Creating your own continuation
so far we talked about existing #async functions, but sometimes when we work with legacy we might want to wrap our closures api with async context and continuation.
we can do that with those build in function:
most of the time we will use the first two options, all do the same but the first help with runtime safety for continuation mechanism (you cant resume continuation more than once)
for example assume we have the following legacy load image function
func loadImage(completion: (Result<UIImage, Error>)->Void)
we can wrap is as an async function like so:
func loadImage() async throws -> UImage {
try await withCheckedThrowingContinuation { continuation in
switch result {
case .success(let image):
continuation.resume(returning: image)
case .failure(let error):
continuation.resume(throwing: error)
}
}
}
if you are using the swift Result type you can just send it like that: ``continuation.resume(with: result)
Creating our own Async Sequence
as mentioned before, #Async Sequences is simply a protocol.

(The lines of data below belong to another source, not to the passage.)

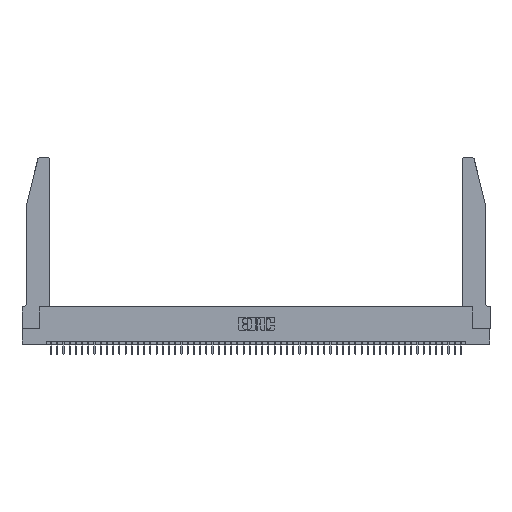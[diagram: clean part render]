
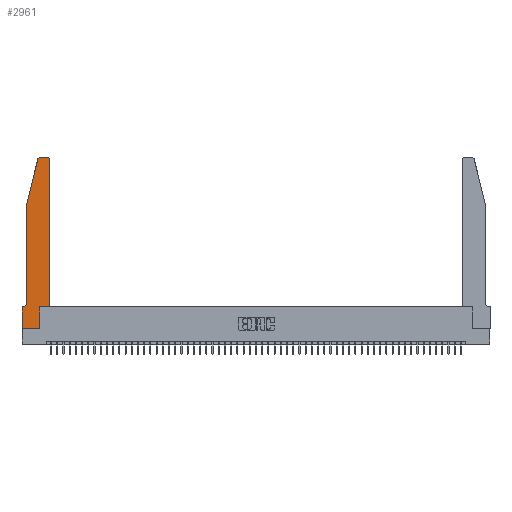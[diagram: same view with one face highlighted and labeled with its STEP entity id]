
A CAD part, top view. The second image highlights one B-rep face of the part: STEP entity #2961.
In plain terms, the highlighted planar face has unit normal (0, 0, 1).
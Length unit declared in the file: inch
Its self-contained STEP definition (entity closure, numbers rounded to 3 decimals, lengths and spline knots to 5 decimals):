
#566 = ORIENTED_EDGE ( 'NONE', *, *, #39678, .T. ) ;
#1228 = LINE ( 'NONE', #22986, #2594 ) ;
#1450 = CIRCLE ( 'NONE', #14238, 0.03 ) ;
#2474 = DIRECTION ( 'NONE',  ( -1., 0., 0. ) ) ;
#2559 = ORIENTED_EDGE ( 'NONE', *, *, #20582, .T. ) ;
#2594 = VECTOR ( 'NONE', #6150, 39.37008 ) ;
#2961 = ADVANCED_FACE ( 'NONE', ( #32304 ), #8040, .T. ) ;
#3092 = LINE ( 'NONE', #24059, #46245 ) ;
#4070 = CARTESIAN_POINT ( 'NONE',  ( 0.2865, 0.35, 0.37 ) ) ;
#5301 = CIRCLE ( 'NONE', #13753, 0.03 ) ;
#5409 = EDGE_CURVE ( 'NONE', #7838, #32629, #3092, .T. ) ;
#6150 = DIRECTION ( 'NONE',  ( 1., 0., 0. ) ) ;
#6837 = EDGE_CURVE ( 'NONE', #30292, #52042, #37776, .T. ) ;
#7838 = VERTEX_POINT ( 'NONE', #20432 ) ;
#8040 = PLANE ( 'NONE',  #18032 ) ;
#9436 = VERTEX_POINT ( 'NONE', #27251 ) ;
#9887 = CARTESIAN_POINT ( 'NONE',  ( 0.0755, 2., 0.37 ) ) ;
#10128 = EDGE_CURVE ( 'NONE', #29692, #7838, #1228, .T. ) ;
#12010 = CARTESIAN_POINT ( 'NONE',  ( 0.4205, 2.72, 0.37 ) ) ;
#12175 = EDGE_CURVE ( 'NONE', #40190, #51942, #27910, .T. ) ;
#13315 = CARTESIAN_POINT ( 'NONE',  ( 0.4205, 2.75, 0.37 ) ) ;
#13753 = AXIS2_PLACEMENT_3D ( 'NONE', #12010, #41196, #16315 ) ;
#14238 = AXIS2_PLACEMENT_3D ( 'NONE', #16326, #45315, #20540 ) ;
#14310 = VECTOR ( 'NONE', #17239, 39.37008 ) ;
#14756 = VECTOR ( 'NONE', #30671, 39.37008 ) ;
#14840 = VECTOR ( 'NONE', #38304, 39.37008 ) ;
#15703 = VECTOR ( 'NONE', #20175, 39.37008 ) ;
#15816 = DIRECTION ( 'NONE',  ( 0., 1., 0. ) ) ;
#15993 = EDGE_LOOP ( 'NONE', ( #35938, #2559, #17400, #24001, #21838, #47064, #16204, #29481, #18319, #19770, #21986, #566 ) ) ;
#16204 = ORIENTED_EDGE ( 'NONE', *, *, #27420, .T. ) ;
#16315 = DIRECTION ( 'NONE',  ( 1., 0., 0. ) ) ;
#16326 = CARTESIAN_POINT ( 'NONE',  ( 0.284, 2.72, 0.37 ) ) ;
#16609 = DIRECTION ( 'NONE',  ( 1., 0., 0. ) ) ;
#17239 = DIRECTION ( 'NONE',  ( 0., -1., 0. ) ) ;
#17390 = CARTESIAN_POINT ( 'NONE',  ( 0.4505, 0.35, 0.37 ) ) ;
#17400 = ORIENTED_EDGE ( 'NONE', *, *, #26672, .T. ) ;
#18032 = AXIS2_PLACEMENT_3D ( 'NONE', #37330, #41473, #16609 ) ;
#18319 = ORIENTED_EDGE ( 'NONE', *, *, #5409, .T. ) ;
#19770 = ORIENTED_EDGE ( 'NONE', *, *, #51013, .T. ) ;
#19862 = CARTESIAN_POINT ( 'NONE',  ( 0.0755, 2., 0.37 ) ) ;
#20175 = DIRECTION ( 'NONE',  ( 0., -1., 0. ) ) ;
#20432 = CARTESIAN_POINT ( 'NONE',  ( 0.2865, 0., 0.37 ) ) ;
#20540 = DIRECTION ( 'NONE',  ( 1., 0., 0. ) ) ;
#20582 = EDGE_CURVE ( 'NONE', #42710, #42658, #1450, .T. ) ;
#20698 = EDGE_CURVE ( 'NONE', #48484, #42710, #39559, .T. ) ;
#21170 = EDGE_CURVE ( 'NONE', #43263, #9436, #27227, .T. ) ;
#21838 = ORIENTED_EDGE ( 'NONE', *, *, #40206, .T. ) ;
#21986 = ORIENTED_EDGE ( 'NONE', *, *, #12175, .T. ) ;
#22986 = CARTESIAN_POINT ( 'NONE',  ( 0., 0., 0.37 ) ) ;
#23431 = CARTESIAN_POINT ( 'NONE',  ( 0.4505, 0.35, 0.37 ) ) ;
#24001 = ORIENTED_EDGE ( 'NONE', *, *, #6837, .T. ) ;
#24059 = CARTESIAN_POINT ( 'NONE',  ( 0.2865, 0.35, 0.37 ) ) ;
#25116 = CARTESIAN_POINT ( 'NONE',  ( 0.0055, 0.35, 0.37 ) ) ;
#25519 = LINE ( 'NONE', #44961, #15703 ) ;
#25983 = LINE ( 'NONE', #17390, #14840 ) ;
#26672 = EDGE_CURVE ( 'NONE', #42658, #30292, #41135, .T. ) ;
#27227 = LINE ( 'NONE', #51131, #14756 ) ;
#27251 = CARTESIAN_POINT ( 'NONE',  ( 0., 0.35, 0.37 ) ) ;
#27309 = DIRECTION ( 'NONE',  ( 0., 1., 0. ) ) ;
#27376 = CARTESIAN_POINT ( 'NONE',  ( 0.4505, 2.72, 0.37 ) ) ;
#27420 = EDGE_CURVE ( 'NONE', #9436, #29692, #25519, .T. ) ;
#27808 = DIRECTION ( 'NONE',  ( 0., 0., -1. ) ) ;
#27910 = LINE ( 'NONE', #47797, #48488 ) ;
#29481 = ORIENTED_EDGE ( 'NONE', *, *, #10128, .T. ) ;
#29692 = VERTEX_POINT ( 'NONE', #39026 ) ;
#30292 = VERTEX_POINT ( 'NONE', #9887 ) ;
#30671 = DIRECTION ( 'NONE',  ( -1., 0., 0. ) ) ;
#32304 = FACE_OUTER_BOUND ( 'NONE', #15993, .T. ) ;
#32347 = AXIS2_PLACEMENT_3D ( 'NONE', #52424, #27808, #2474 ) ;
#32629 = VERTEX_POINT ( 'NONE', #4070 ) ;
#33830 = CARTESIAN_POINT ( 'NONE',  ( 0.0755, 2., 0.37 ) ) ;
#35938 = ORIENTED_EDGE ( 'NONE', *, *, #20698, .T. ) ;
#36400 = CARTESIAN_POINT ( 'NONE',  ( 0.0755, 0.42, 0.37 ) ) ;
#37330 = CARTESIAN_POINT ( 'NONE',  ( 0., 0.35, 0.37 ) ) ;
#37776 = LINE ( 'NONE', #33830, #14310 ) ;
#37960 = DIRECTION ( 'NONE',  ( -1., 0., 0. ) ) ;
#38237 = CARTESIAN_POINT ( 'NONE',  ( 0.25487, 2.72718, 0.37 ) ) ;
#38273 = VECTOR ( 'NONE', #37960, 39.37008 ) ;
#38304 = DIRECTION ( 'NONE',  ( 1., 0., 0. ) ) ;
#39026 = CARTESIAN_POINT ( 'NONE',  ( 0., 0., 0.37 ) ) ;
#39559 = LINE ( 'NONE', #41921, #38273 ) ;
#39678 = EDGE_CURVE ( 'NONE', #51942, #48484, #5301, .T. ) ;
#40190 = VERTEX_POINT ( 'NONE', #23431 ) ;
#40206 = EDGE_CURVE ( 'NONE', #52042, #43263, #54038, .T. ) ;
#41135 = LINE ( 'NONE', #19862, #52022 ) ;
#41196 = DIRECTION ( 'NONE',  ( 0., 0., 1. ) ) ;
#41473 = DIRECTION ( 'NONE',  ( 0., 0., 1. ) ) ;
#41921 = CARTESIAN_POINT ( 'NONE',  ( 0.2605, 2.75, 0.37 ) ) ;
#42528 = CARTESIAN_POINT ( 'NONE',  ( 0.284, 2.75, 0.37 ) ) ;
#42658 = VERTEX_POINT ( 'NONE', #38237 ) ;
#42710 = VERTEX_POINT ( 'NONE', #42528 ) ;
#43263 = VERTEX_POINT ( 'NONE', #25116 ) ;
#44961 = CARTESIAN_POINT ( 'NONE',  ( 0., 0., 0.37 ) ) ;
#45315 = DIRECTION ( 'NONE',  ( 0., 0., 1. ) ) ;
#46245 = VECTOR ( 'NONE', #15816, 39.37008 ) ;
#47064 = ORIENTED_EDGE ( 'NONE', *, *, #21170, .T. ) ;
#47797 = CARTESIAN_POINT ( 'NONE',  ( 0.4505, 0.35, 0.37 ) ) ;
#48484 = VERTEX_POINT ( 'NONE', #13315 ) ;
#48488 = VECTOR ( 'NONE', #27309, 39.37008 ) ;
#48746 = DIRECTION ( 'NONE',  ( -0.239, -0.971, 0. ) ) ;
#51013 = EDGE_CURVE ( 'NONE', #32629, #40190, #25983, .T. ) ;
#51131 = CARTESIAN_POINT ( 'NONE',  ( 0.0755, 0.35, 0.37 ) ) ;
#51942 = VERTEX_POINT ( 'NONE', #27376 ) ;
#52022 = VECTOR ( 'NONE', #48746, 39.37008 ) ;
#52042 = VERTEX_POINT ( 'NONE', #36400 ) ;
#52424 = CARTESIAN_POINT ( 'NONE',  ( 0.0055, 0.42, 0.37 ) ) ;
#54038 = CIRCLE ( 'NONE', #32347, 0.07 ) ;
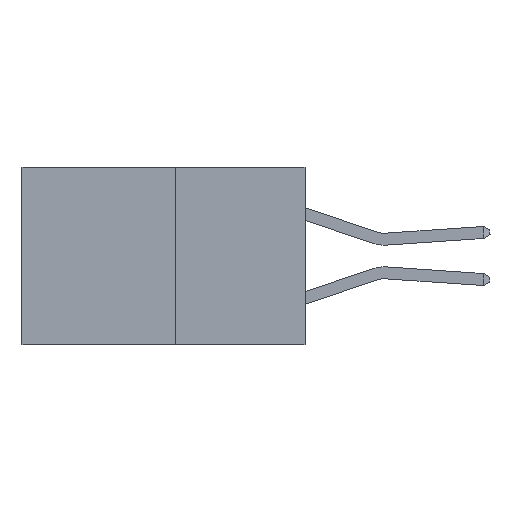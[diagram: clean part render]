
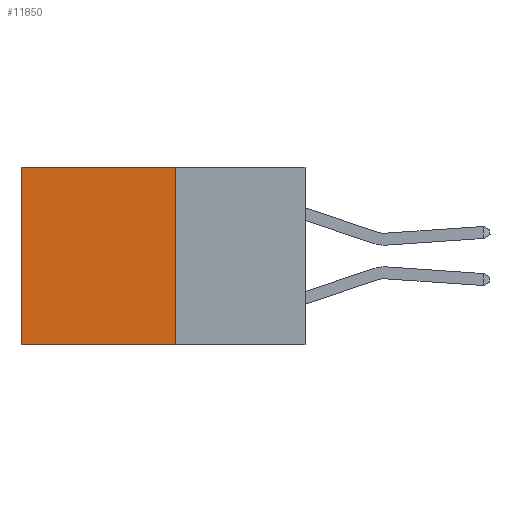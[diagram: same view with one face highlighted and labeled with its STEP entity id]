
A CAD part, left-side view. The second image highlights one B-rep face of the part: STEP entity #11850.
In plain terms, the highlighted planar face has unit normal (-1, 0, 0).
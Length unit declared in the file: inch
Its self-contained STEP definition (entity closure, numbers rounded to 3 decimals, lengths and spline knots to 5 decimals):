
#163 = VECTOR ( 'NONE', #8402, 39.37008 ) ;
#732 = DIRECTION ( 'NONE',  ( 0., 0., -1. ) ) ;
#832 = CARTESIAN_POINT ( 'NONE',  ( 0.277, 0.27, 0. ) ) ;
#913 = CARTESIAN_POINT ( 'NONE',  ( 0.277, 0.27, -0.37 ) ) ;
#1465 = VERTEX_POINT ( 'NONE', #12851 ) ;
#1544 = EDGE_CURVE ( 'NONE', #11478, #1465, #3697, .T. ) ;
#2183 = DIRECTION ( 'NONE',  ( 0., 1., 0. ) ) ;
#2216 = EDGE_CURVE ( 'NONE', #9750, #2980, #11657, .T. ) ;
#2712 = CARTESIAN_POINT ( 'NONE',  ( 0.277, 0.27, 0. ) ) ;
#2980 = VERTEX_POINT ( 'NONE', #5310 ) ;
#3602 = PLANE ( 'NONE',  #3769 ) ;
#3697 = LINE ( 'NONE', #913, #9905 ) ;
#3769 = AXIS2_PLACEMENT_3D ( 'NONE', #8517, #13469, #6119 ) ;
#4355 = ORIENTED_EDGE ( 'NONE', *, *, #1544, .F. ) ;
#5310 = CARTESIAN_POINT ( 'NONE',  ( 0.277, 0.59, 0. ) ) ;
#5454 = VECTOR ( 'NONE', #2183, 39.37008 ) ;
#6108 = ORIENTED_EDGE ( 'NONE', *, *, #2216, .T. ) ;
#6119 = DIRECTION ( 'NONE',  ( 0., 0., -1. ) ) ;
#6754 = CARTESIAN_POINT ( 'NONE',  ( 0.277, 0.27, -0.37 ) ) ;
#6782 = VECTOR ( 'NONE', #732, 39.37008 ) ;
#6860 = LINE ( 'NONE', #14452, #163 ) ;
#7564 = LINE ( 'NONE', #11973, #6782 ) ;
#8402 = DIRECTION ( 'NONE',  ( 0., 0., -1. ) ) ;
#8517 = CARTESIAN_POINT ( 'NONE',  ( 0.277, 0.27, -0.37 ) ) ;
#9184 = FACE_OUTER_BOUND ( 'NONE', #14652, .T. ) ;
#9718 = ORIENTED_EDGE ( 'NONE', *, *, #14774, .T. ) ;
#9750 = VERTEX_POINT ( 'NONE', #832 ) ;
#9905 = VECTOR ( 'NONE', #13828, 39.37008 ) ;
#9961 = ORIENTED_EDGE ( 'NONE', *, *, #10182, .F. ) ;
#10182 = EDGE_CURVE ( 'NONE', #9750, #11478, #6860, .T. ) ;
#11478 = VERTEX_POINT ( 'NONE', #6754 ) ;
#11657 = LINE ( 'NONE', #2712, #5454 ) ;
#11850 = ADVANCED_FACE ( 'NONE', ( #9184 ), #3602, .F. ) ;
#11973 = CARTESIAN_POINT ( 'NONE',  ( 0.277, 0.59, -0.37 ) ) ;
#12851 = CARTESIAN_POINT ( 'NONE',  ( 0.277, 0.59, -0.37 ) ) ;
#13469 = DIRECTION ( 'NONE',  ( 1., 0., 0. ) ) ;
#13828 = DIRECTION ( 'NONE',  ( 0., 1., 0. ) ) ;
#14452 = CARTESIAN_POINT ( 'NONE',  ( 0.277, 0.27, -0.37 ) ) ;
#14652 = EDGE_LOOP ( 'NONE', ( #9718, #4355, #9961, #6108 ) ) ;
#14774 = EDGE_CURVE ( 'NONE', #2980, #1465, #7564, .T. ) ;

luckily, we dont need to implement it ourself. we can use AsyncStream
AsyncStream
assuming we want to build a program to update stock changes base on a stock collection that we fetched prior, when there are no stocks in the collection case finished will be sent.
enum StockChange {
case change(Stock)
case finished
func monitorStocks(stockChange: (StockChange) -> Void){....}
}
with AsyncStream we can implement this behavior easily :
func monitorStocks() -> AsyncStream<Stock> {
AsyncStream<Stock> {continuation in
monitorStocks { change in
switch change {
case .change (let stock):
continuation.yield(stock)
case .finished:
continuation.finish()
}
}
}
}
// implementation of the stream
Task {
for await stock in monitorStocks() {
print("current stock:" \(stock))
}
}
notice we use yield this time because we have a sequence of objects we want to stream out (and resume can occurs only once)
Objective-C Interoperability
for Objective-C the swift Compiler automatically generated async versions of block-based methods:
-(void)fetchNumbers:(void(^)(NSArray<NSNumber *>*>))completion;
the swift runtime will create the following:
you can even use preprocessor macros to generate a different method names...
why is this important?
well that just means that most of apple code that have completion handlers gets free bridging to async/await. (-:
SwiftUI
To execute async functions from within your SwiftUI code, you can simply use the new .task modifier (IOS 15+)
IOS 15+
this will run on the view onAppear life cycle method behind the scene
struct MyView : View {
@State var numbers = [Int]()
var body: some View {
Text("\(numbers.count) numbers")
.task {
self.numbers = await fetchNumbers
}
}
}
IOS 13+
struct MyView : View {
@State var numbers = [Int]()
var body: some View {
Text("\(numbers.count) numbers")
.OnAppear {
Task { @MainActor in
self.numbers = await fetchNumbers()
}
}
}
}
should notice ios 15 code help with cancellation and much more the other code does not, how ever in most cases both will generate same result.
Combine and Async/Await
we saw #Async Sequences which is very similar to Combine#Publisher.
we can use a publisher this way using the values property:
combine & sink
numbers
.map {$0*2}
.prefix(3)
.dropFirst()
.sink(
recieveCompletion: {_ in print("Done!")},
receiveValue: {print("Value \($0)")}
).store(in: &subscription)
Combine & async/await:
let publishers = numbers
.map{ $0*2 }
.prefix(3)
.dropFirst()
for await number in publisher.values {
print("Value \(number)")
}
print("Done!")
values - turns the publisher into an async sequence
swift-async-algorithem
Combine had all those awesome operators we all grew to love. but how do we use them on async await?
Apple seems to be shifting its focus heavily towards async/await, as evident by their latest release of swift-async-algorithem a set of combine-like operators for #Async Sequences.